The world isn’t just x86 anymore.

  • Apple Silicon (M1/M2/M3) – almost every new Mac.
  • ARM64 servers – AWS Graviton, Azure Ampere, GCP Tau.
  • Edge devices – Raspberry Pis, Rockchip boards, smart TVs.

Your users run on all of them. If you only test on GitHub’s default `ubuntu-latest` (x86), you’re shipping untested code to a huge portion of your audience.

I learned this the hard way. A library we maintained for image processing worked flawlessly on our dev machines. A user on an M2 MacBook reported a 5x performance regression. We couldn’t replicate it. Turns out, we had a subtle alignment issue that only appeared on ARM. That issue sat open for three weeks while we fumbled with manual testing.

Never again.

The Two Approaches: Emulation vs Native

You have two ways to run ARM CI on GitHub Actions:

  1. QEMU emulation – run ARM containers on x86 runners.
  2. Native ARM runners – use the `ubuntu-24.04-arm` runner (GitHub’s newest addition).

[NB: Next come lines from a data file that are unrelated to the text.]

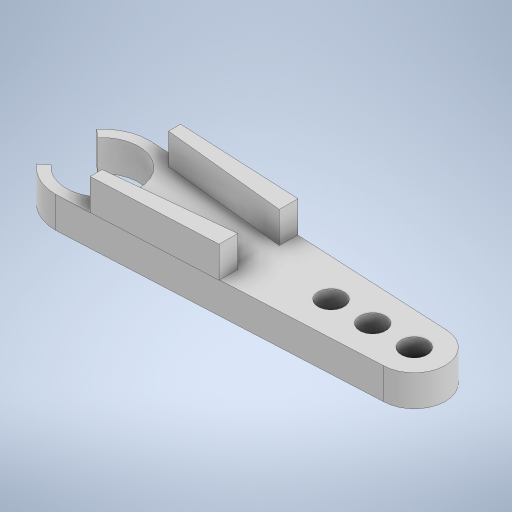
# Autodesk Inventor part: Servo Extension Clip-on
Saved by Autodesk Inventor 2023 (Build 270158000, 158)
## iProperties
Created: 2023-05-02
Part Number: Servo Extension Clip-on
Material: Generic
Document SubType Name: Modeling
Designer: adity
Density: 1 g/cm^3
Appearance: Default
Author: adity
Autodesk Inventor part; units mm, degrees
ref_plane "YZ Plane" through (0, 0, 0) normal (1, 0, 0) x (0, 1, 0)
ref_plane "XZ Plane" through (0, 0, 0) normal (0, 1, 0) x (-1, 0, 0)
ref_plane "XY Plane" through (0, 0, 0) normal (0, 0, 1) x (1, 0, 0)
sketch "Sketch2" plane through (0, 0, 0) normal (0, 1, 0) x (-1, 0, 0)
  circle A0 centre (0, 0) radius 3.5
  circle A1 centre (0, 0) radius 4.5
  line L0 (0, 0) -> (3.4472, 2.8925)
  line L1 (0, 0) -> (4.5, 0) construction
  line L2 (0, 0) -> (3.4472, -2.8925)
  line L3 (0, 0) -> (4.5, 0) construction
  line L4 (0, 0) -> (-30, 0)
  line L5 (0, 0) -> (30, 0) construction
  circle A2 centre (-30, 0) radius 1.25
  circle A3 centre (-26, 0) radius 1.25
  circle A4 centre (-22, 0) radius 1.25
  circle A5 centre (-30, 0) radius 3
  line L6 (0, 4.5) -> (-30, 3)
  line L7 (-0.0015, -4.5) -> (-30.1494, -2.9963)
  point P0 (2.6812, -2.2498)
  point P1 (2.6812, 2.2498)
  dimension "d11" = 7
  dimension "d12" = 9
  dimension "d13" = 40
  dimension "d14" = 40
  dimension "d15" = 30
  dimension "d16" = 180
  dimension "d17" = 2.5
  dimension "d20" = 4
  dimension "d25" = 6
  constraints: 16 end point, 6 centre point, 6 point on circle, 5 horizontal, 4 coincident, 3 equal length, 1 tangent, 4 other
  measures "d11" diameter of A0
  measures "d12" diameter of A1
  measures "d13" angle of L1 L0
  measures "d14" angle of L2 L3
  measures "d15" distance of L0.start L4.end
  measures "d16" angle of L4 L5
  measures "d17" diameter of A2
  measures "d20" distance of A2.centre A3.centre
  measures "d25" diameter of A5
extrude "Extrusion1" add sketch "Sketch2" along normal blind 3 contours A1 L4 A4 A3 A5 L6 | A0 L4 A1 L0 | L2 A1 L4 A0 | A1 L7 A5 A3 L4 A4 | A5 A3
sketch "Sketch4" plane through (0, 3, 0) normal (0, 1, 0) x (1, 0, 0)
  arc A0 (-2.6812, -2.2498) -> (-2.6812, 2.2498) centre (0, 0) ccw projected
  line L0 (0, 0) -> (15, 0)
  circle A1 centre (15, 0) radius 2
  circle A2 centre (0, 0) radius 3.5
  line L1 (15.0186, 1.9999) -> (0.3519, 3.4823)
  line L2 (15.0186, -1.9999) -> (0.3519, -3.4823)
  circle A3 centre (15, 0) radius 3.7945
  circle A4 centre (0, 0) radius 4.5
  line L3 (15.0186, 3.7945) -> (0.2127, 4.495)
  line L4 (15.0186, -3.7945) -> (0.2127, -4.495)
  line L5 (3.166, 3.1978) -> (3.166, 4.3552)
  line L6 (3.166, 3.1978) -> (4.3234, 3.1978) construction
  line L7 (3.166, -3.1978) -> (3.166, -4.3552)
  line L8 (3.166, -3.1978) -> (4.3234, -3.1978) construction
  line L9 (15.0186, 1.9999) -> (15.0186, 3.7945)
  line L10 (15.0186, -1.9999) -> (15.0186, -3.7945)
  dimension "d36" = 15
  dimension "d37" = 4
  dimension "d38" = 7
  dimension "d39" = 7.589
  dimension "d40" = 9
  dimension "d41" = 90
  dimension "d42" = 90
  constraints: 22 end point, 10 point on circle, 4 centre point, 4 coincident, 4 point on line, 4 tangent, 3 horizontal, 2 perpendicular, 2 vertical
  measures "d36" distance of L0.start L0.end
  measures "d37" diameter of A1
  measures "d38" diameter of A2
  measures "d39" diameter of A3
  measures "d40" diameter of A4
  measures "d41" angle of L6 L5
  measures "d42" angle of L7 L8
extrude "Extrusion2" add sketch "Sketch4" along normal blind 3 contours L2 A3 L4 L7 | L2 L10 A3 | L5 L3 A3 L1 | A3 L9 L1
body "Solid1"
Autodesk Inventor part; units mm, degrees
(part 10 of 10)
  spline S24 degree 5 poles (-3.4199, 4.4832) (-3.4186, 4.4814) (-3.4221, 4.4861) (-3.4215, 4.4854) (-3.4253, 4.4909) (-3.428, 4.4951) (-3.4307, 4.4992) (-3.4365, 4.5085) (-3.4424, 4.5184) (-3.4458, 4.5243) (-3.4538, 4.5385) (-3.4613, 4.5527) (-3.4656, 4.5609) (-3.4749, 4.5792) (-3.4837, 4.5978) (-3.4884, 4.608) (-3.4985, 4.6304) (-3.508, 4.6531) (-3.513, 4.6653) (-3.5233, 4.6916) (-3.5331, 4.7182) (-3.5382, 4.7323) (-3.5485, 4.7624) (-3.5582, 4.7926) (-3.5631, 4.8086) (-3.573, 4.8422) (-3.5823, 4.8761) (-3.587, 4.8938) (-3.5964, 4.9308) (-3.6049, 4.9679) (-3.6092, 4.9872) (-3.6176, 5.0274) (-3.6253, 5.0677) (-3.629, 5.0885) (-3.6363, 5.1317) (-3.6427, 5.175) (-3.6458, 5.1973) (-3.6518, 5.2433) (-3.6568, 5.2893) (-3.6592, 5.313) (-3.6636, 5.3617) (-3.667, 5.4104) (-3.6686, 5.4354) (-3.6712, 5.4865) (-3.673, 5.5377) (-3.6736, 5.5639) (-3.6744, 5.6173) (-3.6742, 5.6708) (-3.6739, 5.6981) (-3.6729, 5.7437) (-3.6712, 5.7892) (-3.6704, 5.8075) (-3.6696, 5.8257) (-3.6686, 5.8439) knots 0 0 0 0 0 0 0.005206 0.005206 0.005206 0.020768 0.020768 0.020768 0.045447 0.045447 0.045447 0.078301 0.078301 0.078301 0.118594 0.118594 0.118594 0.165744 0.165744 0.165744 0.219295 0.219295 0.219295 0.278897 0.278897 0.278897 0.344176 0.344176 0.344176 0.414704 0.414704 0.414704 0.490245 0.490245 0.490245 0.570535 0.570535 0.570535 0.655343 0.655343 0.655343 0.744467 0.744467 0.744467 0.837726 0.837726 0.837726 0.934962 0.934962 0.934962 1 1 1 1 1 1
  spline S25 degree 5 poles (-3.2267, 6.0991) (-3.2141, 6.0927) (-3.2016, 6.0863) (-3.1891, 6.0798) (-3.1559, 6.0624) (-3.123, 6.0445) (-3.1024, 6.0333) (-3.0623, 6.0108) (-3.0225, 5.9876) (-3.003, 5.9761) (-2.965, 5.9532) (-2.9273, 5.9297) (-2.9089, 5.9181) (-2.873, 5.8949) (-2.8375, 5.8711) (-2.8201, 5.8593) (-2.7864, 5.836) (-2.7531, 5.8121) (-2.7369, 5.8003) (-2.7054, 5.777) (-2.6743, 5.7531) (-2.6593, 5.7413) (-2.63, 5.7181) (-2.6012, 5.6945) (-2.5873, 5.6828) (-2.5603, 5.6599) (-2.5338, 5.6366) (-2.521, 5.6251) (-2.4964, 5.6027) (-2.4721, 5.5799) (-2.4605, 5.5688) (-2.4382, 5.547) (-2.4164, 5.5249) (-2.4059, 5.5142) (-2.386, 5.4933) (-2.3665, 5.472) (-2.3572, 5.4618) (-2.3396, 5.442) (-2.3223, 5.4218) (-2.3142, 5.4122) (-2.299, 5.3937) (-2.2841, 5.375) (-2.2771, 5.366) (-2.2642, 5.3492) (-2.2516, 5.3321) (-2.2458, 5.3241) (-2.2353, 5.3091) (-2.225, 5.294) (-2.2204, 5.2869) (-2.2121, 5.2741) (-2.2041, 5.2612) (-2.2005, 5.2554) (-2.1945, 5.2452) (-2.1886, 5.2348) (-2.1862, 5.2304) (-2.1823, 5.2232) (-2.1786, 5.216) (-2.1771, 5.213) (-2.1743, 5.2073) (-2.1712, 5.2005) (-2.1718, 5.2008) (-2.1651, 5.1878) (-2.1723, 5.2027) knots 0 0 0 0 0 0 0.049689 0.049689 0.049689 0.132369 0.132369 0.132369 0.212233 0.212233 0.212233 0.289188 0.289188 0.289188 0.363131 0.363131 0.363131 0.433949 0.433949 0.433949 0.501515 0.501515 0.501515 0.565688 0.565688 0.565688 0.626312 0.626312 0.626312 0.683208 0.683208 0.683208 0.736174 0.736174 0.736174 0.785106 0.785106 0.785106 0.829714 0.829714 0.829714 0.869672 0.869672 0.869672 0.904603 0.904603 0.904603 0.934334 0.934334 0.934334 0.958417 0.958417 0.958417 0.976245 0.976245 0.976245 0.987326 0.987326 0.987326 1 1 1 1 1 1
  spline S26 degree 5 poles (-0.7202, 5.5925) (-0.7199, 5.5903) (-0.7206, 5.5961) (-0.7204, 5.5952) (-0.721, 5.6019) (-0.7212, 5.6069) (-0.7214, 5.6117) (-0.7218, 5.6228) (-0.722, 5.6343) (-0.722, 5.6411) (-0.7218, 5.6573) (-0.7213, 5.6734) (-0.7209, 5.6826) (-0.7197, 5.7031) (-0.7181, 5.7236) (-0.7171, 5.7349) (-0.7145, 5.7593) (-0.7115, 5.7837) (-0.7097, 5.7968) (-0.7055, 5.8247) (-0.7007, 5.8526) (-0.698, 5.8674) (-0.6919, 5.8986) (-0.6851, 5.9296) (-0.6814, 5.9459) (-0.6732, 5.98) (-0.6644, 6.014) (-0.6595, 6.0316) (-0.6492, 6.0683) (-0.638, 6.1048) (-0.632, 6.1237) (-0.6193, 6.1627) (-0.6057, 6.2014) (-0.5985, 6.2213) (-0.5833, 6.2623) (-0.5672, 6.303) (-0.5587, 6.3239) (-0.5409, 6.3667) (-0.5222, 6.4091) (-0.5124, 6.4308) (-0.4919, 6.4751) (-0.4706, 6.5191) (-0.4594, 6.5415) (-0.4361, 6.5871) (-0.412, 6.6323) (-0.3995, 6.6552) (-0.3734, 6.702) (-0.3465, 6.7482) (-0.3326, 6.7717) (-0.309, 6.8106) (-0.2848, 6.8492) (-0.275, 6.8646) (-0.2651, 6.88) (-0.2551, 6.8953) knots 0 0 0 0 0 0 0.005206 0.005206 0.005206 0.020768 0.020768 0.020768 0.045447 0.045447 0.045447 0.078301 0.078301 0.078301 0.118594 0.118594 0.118594 0.165744 0.165744 0.165744 0.219295 0.219295 0.219295 0.278897 0.278897 0.278897 0.344176 0.344176 0.344176 0.414704 0.414704 0.414704 0.490245 0.490245 0.490245 0.570535 0.570535 0.570535 0.655343 0.655343 0.655343 0.744467 0.744467 0.744467 0.837726 0.837726 0.837726 0.934962 0.934962 0.934962 1 1 1 1 1 1
  spline S27 degree 5 poles (0.2551, 6.8953) (0.2628, 6.8835) (0.2704, 6.8717) (0.278, 6.8598) (0.2981, 6.8281) (0.3177, 6.7962) (0.3298, 6.7762) (0.3534, 6.7366) (0.3763, 6.6967) (0.3874, 6.677) (0.4089, 6.6381) (0.4298, 6.5989) (0.4399, 6.5796) (0.4594, 6.5416) (0.4782, 6.5033) (0.4873, 6.4844) (0.5049, 6.4473) (0.5218, 6.41) (0.5299, 6.3917) (0.5455, 6.3557) (0.5605, 6.3195) (0.5677, 6.3018) (0.5814, 6.2671) (0.5945, 6.2321) (0.6008, 6.2151) (0.6127, 6.1818) (0.624, 6.1483) (0.6293, 6.132) (0.6394, 6.1003) (0.649, 6.0684) (0.6535, 6.053) (0.6619, 6.023) (0.6698, 5.9929) (0.6735, 5.9784) (0.6803, 5.9503) (0.6866, 5.9222) (0.6895, 5.9086) (0.6948, 5.8827) (0.6997, 5.8566) (0.7019, 5.8442) (0.7059, 5.8206) (0.7094, 5.7969) (0.711, 5.7857) (0.7137, 5.7646) (0.7161, 5.7436) (0.7171, 5.7337) (0.7188, 5.7155) (0.7201, 5.6972) (0.7206, 5.6888) (0.7213, 5.6736) (0.7218, 5.6584) (0.722, 5.6515) (0.7221, 5.6397) (0.722, 5.6278) (0.7219, 5.6228) (0.7217, 5.6145) (0.7213, 5.6064) (0.7211, 5.6031) (0.7206, 5.5968) (0.7199, 5.5894) (0.7195, 5.5899) (0.7189, 5.5753) (0.7201, 5.5919) knots 0 0 0 0 0 0 0.049689 0.049689 0.049689 0.132369 0.132369 0.132369 0.212233 0.212233 0.212233 0.289188 0.289188 0.289188 0.363131 0.363131 0.363131 0.433949 0.433949 0.433949 0.501515 0.501515 0.501515 0.565688 0.565688 0.565688 0.626312 0.626312 0.626312 0.683208 0.683208 0.683208 0.736174 0.736174 0.736174 0.785106 0.785106 0.785106 0.829714 0.829714 0.829714 0.869672 0.869672 0.869672 0.904603 0.904603 0.904603 0.934334 0.934334 0.934334 0.958417 0.958417 0.958417 0.976245 0.976245 0.976245 0.987326 0.987326 0.987326 1 1 1 1 1 1
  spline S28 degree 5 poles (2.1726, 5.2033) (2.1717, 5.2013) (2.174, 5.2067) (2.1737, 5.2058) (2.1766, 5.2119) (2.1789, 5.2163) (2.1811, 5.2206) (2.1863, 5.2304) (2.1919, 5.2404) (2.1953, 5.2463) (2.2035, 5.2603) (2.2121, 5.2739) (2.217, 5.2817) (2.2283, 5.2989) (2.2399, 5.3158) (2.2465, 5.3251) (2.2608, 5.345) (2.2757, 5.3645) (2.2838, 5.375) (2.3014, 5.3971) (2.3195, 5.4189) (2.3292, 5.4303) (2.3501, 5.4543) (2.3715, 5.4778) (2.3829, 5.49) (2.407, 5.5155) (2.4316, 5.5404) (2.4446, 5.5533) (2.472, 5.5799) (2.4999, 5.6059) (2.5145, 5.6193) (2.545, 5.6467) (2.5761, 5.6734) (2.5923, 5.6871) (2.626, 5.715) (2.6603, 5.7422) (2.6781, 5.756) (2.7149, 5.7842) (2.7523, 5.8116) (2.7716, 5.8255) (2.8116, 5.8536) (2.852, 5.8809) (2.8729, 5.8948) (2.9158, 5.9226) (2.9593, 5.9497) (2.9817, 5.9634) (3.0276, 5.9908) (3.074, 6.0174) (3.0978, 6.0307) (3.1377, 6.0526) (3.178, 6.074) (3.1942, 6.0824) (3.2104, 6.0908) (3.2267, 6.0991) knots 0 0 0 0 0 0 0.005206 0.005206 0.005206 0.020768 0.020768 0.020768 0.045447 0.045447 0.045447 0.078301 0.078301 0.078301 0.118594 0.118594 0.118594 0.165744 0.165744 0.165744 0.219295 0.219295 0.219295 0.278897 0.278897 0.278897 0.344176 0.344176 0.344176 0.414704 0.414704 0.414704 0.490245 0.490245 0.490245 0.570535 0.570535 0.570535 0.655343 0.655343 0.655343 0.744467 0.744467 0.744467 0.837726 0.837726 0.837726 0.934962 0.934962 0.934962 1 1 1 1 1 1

I’ll be blunt: QEMU is slow. Really slow. Running a full test suite under emulation can take 3x to 5x longer than native. For a project with 500+ tests, that’s the difference between a 10-minute CI and a 45-minute one.

But native ARM runners weren’t available until late 2023. Many projects still default to emulation because they don’t know better.

Here’s our recommendation: Always prefer native runners when possible. If your tests are containerized, you can often use the same Docker image on both architectures.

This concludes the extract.